Stored dataset items
# # # #

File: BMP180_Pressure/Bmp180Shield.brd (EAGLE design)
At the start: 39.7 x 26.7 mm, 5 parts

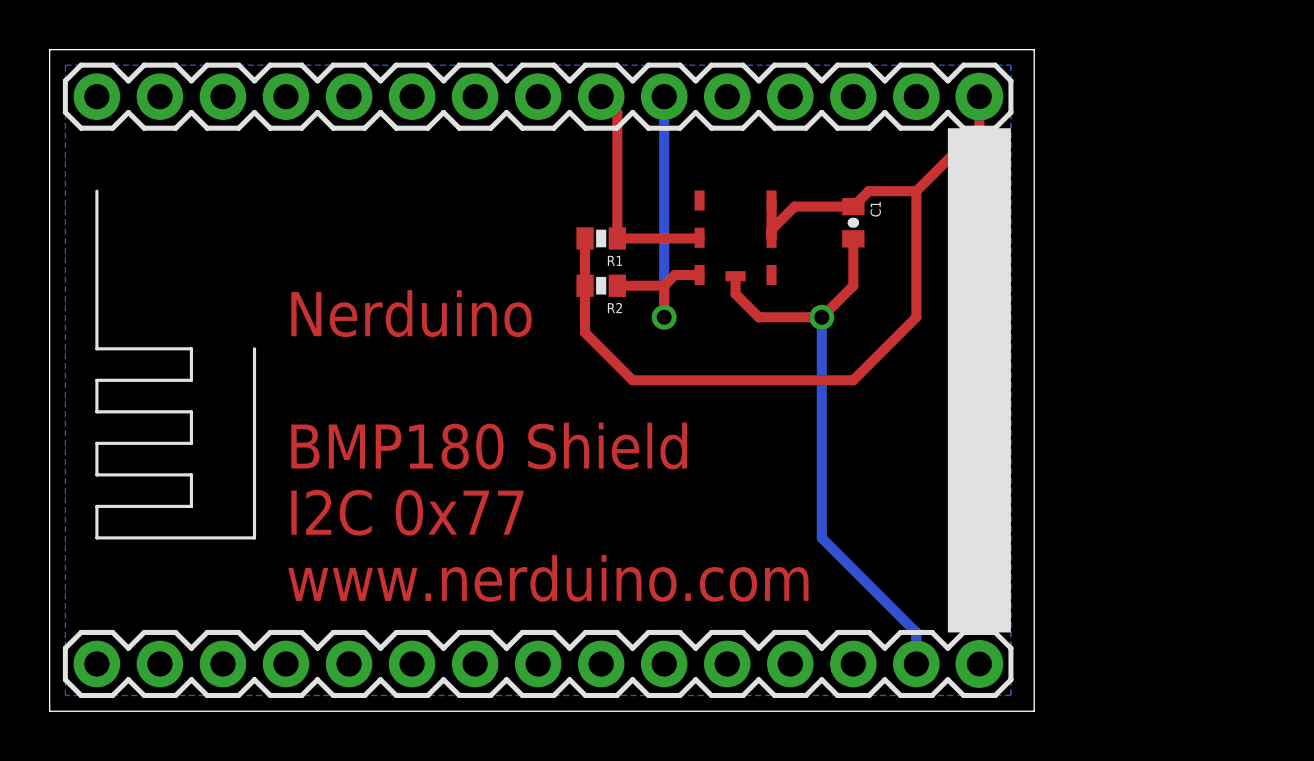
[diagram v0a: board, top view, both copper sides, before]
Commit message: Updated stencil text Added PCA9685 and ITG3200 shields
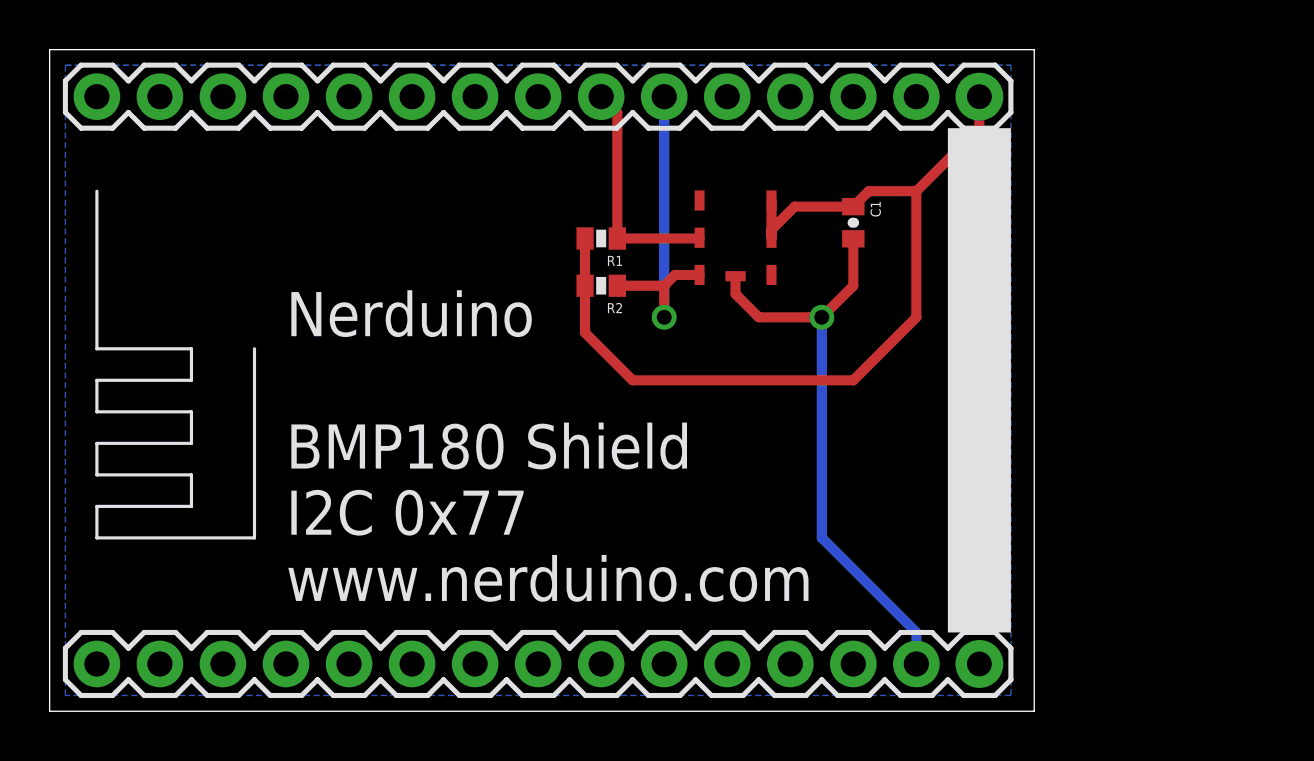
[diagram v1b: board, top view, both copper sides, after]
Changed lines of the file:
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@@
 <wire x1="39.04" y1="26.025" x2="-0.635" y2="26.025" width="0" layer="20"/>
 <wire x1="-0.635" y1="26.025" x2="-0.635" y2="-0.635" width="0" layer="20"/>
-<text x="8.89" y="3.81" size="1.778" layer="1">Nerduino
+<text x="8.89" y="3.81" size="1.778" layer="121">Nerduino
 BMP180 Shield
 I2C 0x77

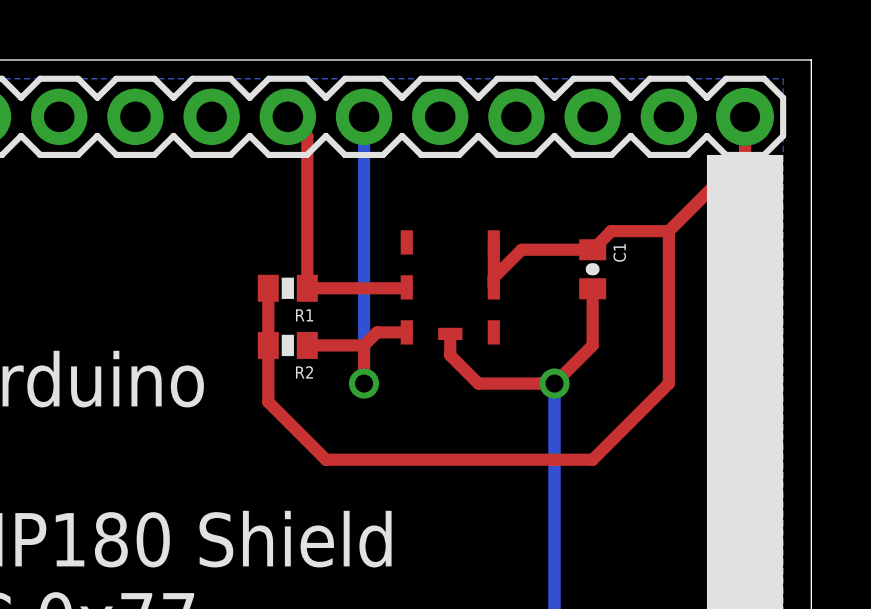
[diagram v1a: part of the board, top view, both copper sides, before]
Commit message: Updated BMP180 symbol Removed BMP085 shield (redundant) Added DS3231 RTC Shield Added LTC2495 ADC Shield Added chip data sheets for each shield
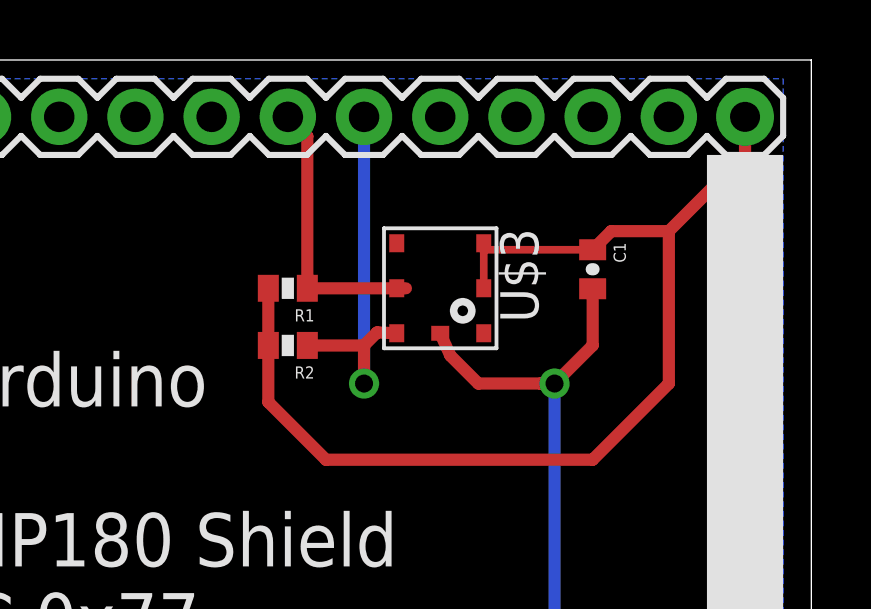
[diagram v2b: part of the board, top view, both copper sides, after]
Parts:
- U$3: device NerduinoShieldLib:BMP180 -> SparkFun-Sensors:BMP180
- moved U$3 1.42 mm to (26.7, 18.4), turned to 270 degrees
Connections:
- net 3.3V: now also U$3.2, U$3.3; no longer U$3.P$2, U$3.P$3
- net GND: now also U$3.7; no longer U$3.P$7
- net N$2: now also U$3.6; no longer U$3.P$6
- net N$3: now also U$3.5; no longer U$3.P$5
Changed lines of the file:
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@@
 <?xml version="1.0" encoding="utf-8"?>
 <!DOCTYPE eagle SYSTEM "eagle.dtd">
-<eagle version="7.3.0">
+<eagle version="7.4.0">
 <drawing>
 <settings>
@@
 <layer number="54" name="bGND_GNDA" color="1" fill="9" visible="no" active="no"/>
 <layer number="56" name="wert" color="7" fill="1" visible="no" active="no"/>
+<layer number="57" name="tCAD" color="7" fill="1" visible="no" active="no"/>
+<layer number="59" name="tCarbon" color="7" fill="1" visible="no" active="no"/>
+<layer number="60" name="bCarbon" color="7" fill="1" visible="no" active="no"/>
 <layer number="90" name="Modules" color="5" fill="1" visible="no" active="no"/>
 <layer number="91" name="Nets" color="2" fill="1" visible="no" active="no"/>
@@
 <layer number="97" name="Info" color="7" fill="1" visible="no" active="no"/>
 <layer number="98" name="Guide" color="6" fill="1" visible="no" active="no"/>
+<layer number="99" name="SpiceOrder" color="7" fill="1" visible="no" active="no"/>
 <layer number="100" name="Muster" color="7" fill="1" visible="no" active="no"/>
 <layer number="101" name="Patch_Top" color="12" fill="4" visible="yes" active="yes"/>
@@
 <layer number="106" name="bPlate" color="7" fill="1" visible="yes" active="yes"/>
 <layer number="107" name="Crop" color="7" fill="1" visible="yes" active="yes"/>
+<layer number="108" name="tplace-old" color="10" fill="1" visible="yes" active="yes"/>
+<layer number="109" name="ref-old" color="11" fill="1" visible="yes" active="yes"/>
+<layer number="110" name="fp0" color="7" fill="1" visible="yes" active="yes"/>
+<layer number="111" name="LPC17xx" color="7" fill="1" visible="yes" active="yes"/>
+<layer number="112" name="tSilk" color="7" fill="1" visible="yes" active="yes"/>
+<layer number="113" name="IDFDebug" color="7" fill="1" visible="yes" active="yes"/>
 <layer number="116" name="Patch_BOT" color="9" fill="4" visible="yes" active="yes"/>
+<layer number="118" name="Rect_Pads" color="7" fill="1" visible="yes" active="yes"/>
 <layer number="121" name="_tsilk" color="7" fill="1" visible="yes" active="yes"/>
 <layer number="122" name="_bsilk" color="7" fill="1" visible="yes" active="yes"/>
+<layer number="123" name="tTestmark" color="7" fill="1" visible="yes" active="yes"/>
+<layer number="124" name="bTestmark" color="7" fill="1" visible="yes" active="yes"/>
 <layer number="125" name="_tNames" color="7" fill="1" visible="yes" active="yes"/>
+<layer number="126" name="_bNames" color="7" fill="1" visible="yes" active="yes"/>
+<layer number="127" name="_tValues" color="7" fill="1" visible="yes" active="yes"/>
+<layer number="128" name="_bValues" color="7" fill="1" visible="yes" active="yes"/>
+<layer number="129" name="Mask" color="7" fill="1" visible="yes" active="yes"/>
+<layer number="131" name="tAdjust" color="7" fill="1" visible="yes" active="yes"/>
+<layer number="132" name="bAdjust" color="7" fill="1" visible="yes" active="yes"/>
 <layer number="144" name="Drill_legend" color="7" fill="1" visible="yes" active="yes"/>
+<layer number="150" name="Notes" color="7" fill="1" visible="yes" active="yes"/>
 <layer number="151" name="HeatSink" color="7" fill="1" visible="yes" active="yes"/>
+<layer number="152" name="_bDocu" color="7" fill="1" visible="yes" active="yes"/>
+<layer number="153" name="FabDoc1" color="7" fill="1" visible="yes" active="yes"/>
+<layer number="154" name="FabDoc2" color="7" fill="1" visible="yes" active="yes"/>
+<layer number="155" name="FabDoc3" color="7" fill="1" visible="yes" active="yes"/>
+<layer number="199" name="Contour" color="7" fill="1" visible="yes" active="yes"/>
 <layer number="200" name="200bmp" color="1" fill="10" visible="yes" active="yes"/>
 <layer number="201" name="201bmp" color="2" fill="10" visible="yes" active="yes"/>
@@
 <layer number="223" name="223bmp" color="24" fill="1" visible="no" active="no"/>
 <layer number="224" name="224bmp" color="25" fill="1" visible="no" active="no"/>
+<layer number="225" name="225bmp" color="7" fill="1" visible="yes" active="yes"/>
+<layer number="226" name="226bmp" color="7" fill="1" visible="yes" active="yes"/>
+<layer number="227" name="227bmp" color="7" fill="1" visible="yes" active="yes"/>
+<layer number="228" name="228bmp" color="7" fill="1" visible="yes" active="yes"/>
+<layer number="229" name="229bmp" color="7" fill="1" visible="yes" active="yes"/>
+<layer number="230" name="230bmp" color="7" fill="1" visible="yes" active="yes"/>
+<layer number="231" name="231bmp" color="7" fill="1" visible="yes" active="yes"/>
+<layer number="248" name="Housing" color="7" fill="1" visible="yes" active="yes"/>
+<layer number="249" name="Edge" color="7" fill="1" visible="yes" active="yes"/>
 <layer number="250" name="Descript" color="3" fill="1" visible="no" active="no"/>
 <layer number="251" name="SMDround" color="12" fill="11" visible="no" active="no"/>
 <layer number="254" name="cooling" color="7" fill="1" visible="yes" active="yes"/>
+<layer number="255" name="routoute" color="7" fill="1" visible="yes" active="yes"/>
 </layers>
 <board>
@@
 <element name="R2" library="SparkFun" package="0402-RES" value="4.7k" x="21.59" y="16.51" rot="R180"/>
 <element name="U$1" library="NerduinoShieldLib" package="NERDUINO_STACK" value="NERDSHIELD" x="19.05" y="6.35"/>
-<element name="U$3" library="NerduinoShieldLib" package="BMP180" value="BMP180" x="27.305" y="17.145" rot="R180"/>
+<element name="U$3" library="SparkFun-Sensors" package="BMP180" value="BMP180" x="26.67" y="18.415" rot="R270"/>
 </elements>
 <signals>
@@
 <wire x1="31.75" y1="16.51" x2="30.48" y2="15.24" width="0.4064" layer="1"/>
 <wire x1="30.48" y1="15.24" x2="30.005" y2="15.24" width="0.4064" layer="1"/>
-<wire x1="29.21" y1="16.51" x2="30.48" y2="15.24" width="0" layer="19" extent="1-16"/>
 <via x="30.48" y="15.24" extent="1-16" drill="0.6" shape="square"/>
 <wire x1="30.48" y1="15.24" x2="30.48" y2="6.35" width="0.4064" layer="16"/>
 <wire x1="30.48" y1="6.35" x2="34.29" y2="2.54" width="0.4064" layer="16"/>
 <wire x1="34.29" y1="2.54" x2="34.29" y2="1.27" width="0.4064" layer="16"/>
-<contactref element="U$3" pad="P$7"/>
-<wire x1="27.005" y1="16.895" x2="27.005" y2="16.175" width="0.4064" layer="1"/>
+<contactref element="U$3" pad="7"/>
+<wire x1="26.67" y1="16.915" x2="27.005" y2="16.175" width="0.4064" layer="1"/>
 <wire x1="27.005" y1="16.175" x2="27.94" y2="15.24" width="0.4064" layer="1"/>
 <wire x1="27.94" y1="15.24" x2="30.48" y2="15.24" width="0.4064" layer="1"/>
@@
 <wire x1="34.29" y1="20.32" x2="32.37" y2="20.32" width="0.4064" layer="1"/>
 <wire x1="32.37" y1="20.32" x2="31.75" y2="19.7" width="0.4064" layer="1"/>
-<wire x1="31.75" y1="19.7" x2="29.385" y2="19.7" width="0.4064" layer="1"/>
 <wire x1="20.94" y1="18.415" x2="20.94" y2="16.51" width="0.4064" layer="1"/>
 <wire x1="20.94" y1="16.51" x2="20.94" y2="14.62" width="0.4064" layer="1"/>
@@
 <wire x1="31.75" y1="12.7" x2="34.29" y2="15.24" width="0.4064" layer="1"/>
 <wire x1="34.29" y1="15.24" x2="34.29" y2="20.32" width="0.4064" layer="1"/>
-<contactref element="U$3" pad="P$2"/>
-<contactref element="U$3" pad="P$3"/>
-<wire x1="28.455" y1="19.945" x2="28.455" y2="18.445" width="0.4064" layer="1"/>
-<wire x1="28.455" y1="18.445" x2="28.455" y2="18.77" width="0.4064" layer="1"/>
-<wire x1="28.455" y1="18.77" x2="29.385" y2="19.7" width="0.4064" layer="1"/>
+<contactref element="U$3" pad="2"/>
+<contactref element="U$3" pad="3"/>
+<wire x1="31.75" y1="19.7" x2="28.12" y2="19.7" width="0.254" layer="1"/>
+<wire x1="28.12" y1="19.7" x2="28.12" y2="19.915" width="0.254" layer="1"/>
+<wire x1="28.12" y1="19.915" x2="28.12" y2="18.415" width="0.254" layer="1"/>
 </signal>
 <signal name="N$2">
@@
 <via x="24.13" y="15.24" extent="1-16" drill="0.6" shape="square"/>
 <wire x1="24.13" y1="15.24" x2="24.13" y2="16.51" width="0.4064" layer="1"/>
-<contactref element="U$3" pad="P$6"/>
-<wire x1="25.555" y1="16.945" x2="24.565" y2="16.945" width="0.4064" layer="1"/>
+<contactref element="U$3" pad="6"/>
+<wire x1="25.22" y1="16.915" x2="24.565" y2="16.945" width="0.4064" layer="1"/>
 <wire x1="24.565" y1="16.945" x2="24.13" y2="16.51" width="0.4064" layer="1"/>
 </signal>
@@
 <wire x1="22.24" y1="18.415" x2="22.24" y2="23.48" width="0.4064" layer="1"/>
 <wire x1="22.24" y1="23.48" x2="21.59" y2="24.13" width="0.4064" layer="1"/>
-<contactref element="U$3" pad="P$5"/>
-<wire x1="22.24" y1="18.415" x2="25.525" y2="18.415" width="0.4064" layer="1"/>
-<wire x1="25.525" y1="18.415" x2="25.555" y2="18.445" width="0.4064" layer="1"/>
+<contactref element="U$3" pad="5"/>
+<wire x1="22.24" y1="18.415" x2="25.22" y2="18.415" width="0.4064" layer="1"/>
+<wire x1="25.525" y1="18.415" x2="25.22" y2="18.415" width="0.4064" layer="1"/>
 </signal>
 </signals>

# # # #

## Task item
Return only the lines from the start of the data through the line that contains "Commit message: Updated stencil", please, copying them exactly and omitting all pictures.

## Result for this exercise
File: BMP180_Pressure/Bmp180Shield.brd (EAGLE design)
At the start: 39.7 x 26.7 mm, 5 parts

[diagram v0a: board, top view, both copper sides, before]
Commit message: Updated stencil text Added PCA9685 and ITG3200 shields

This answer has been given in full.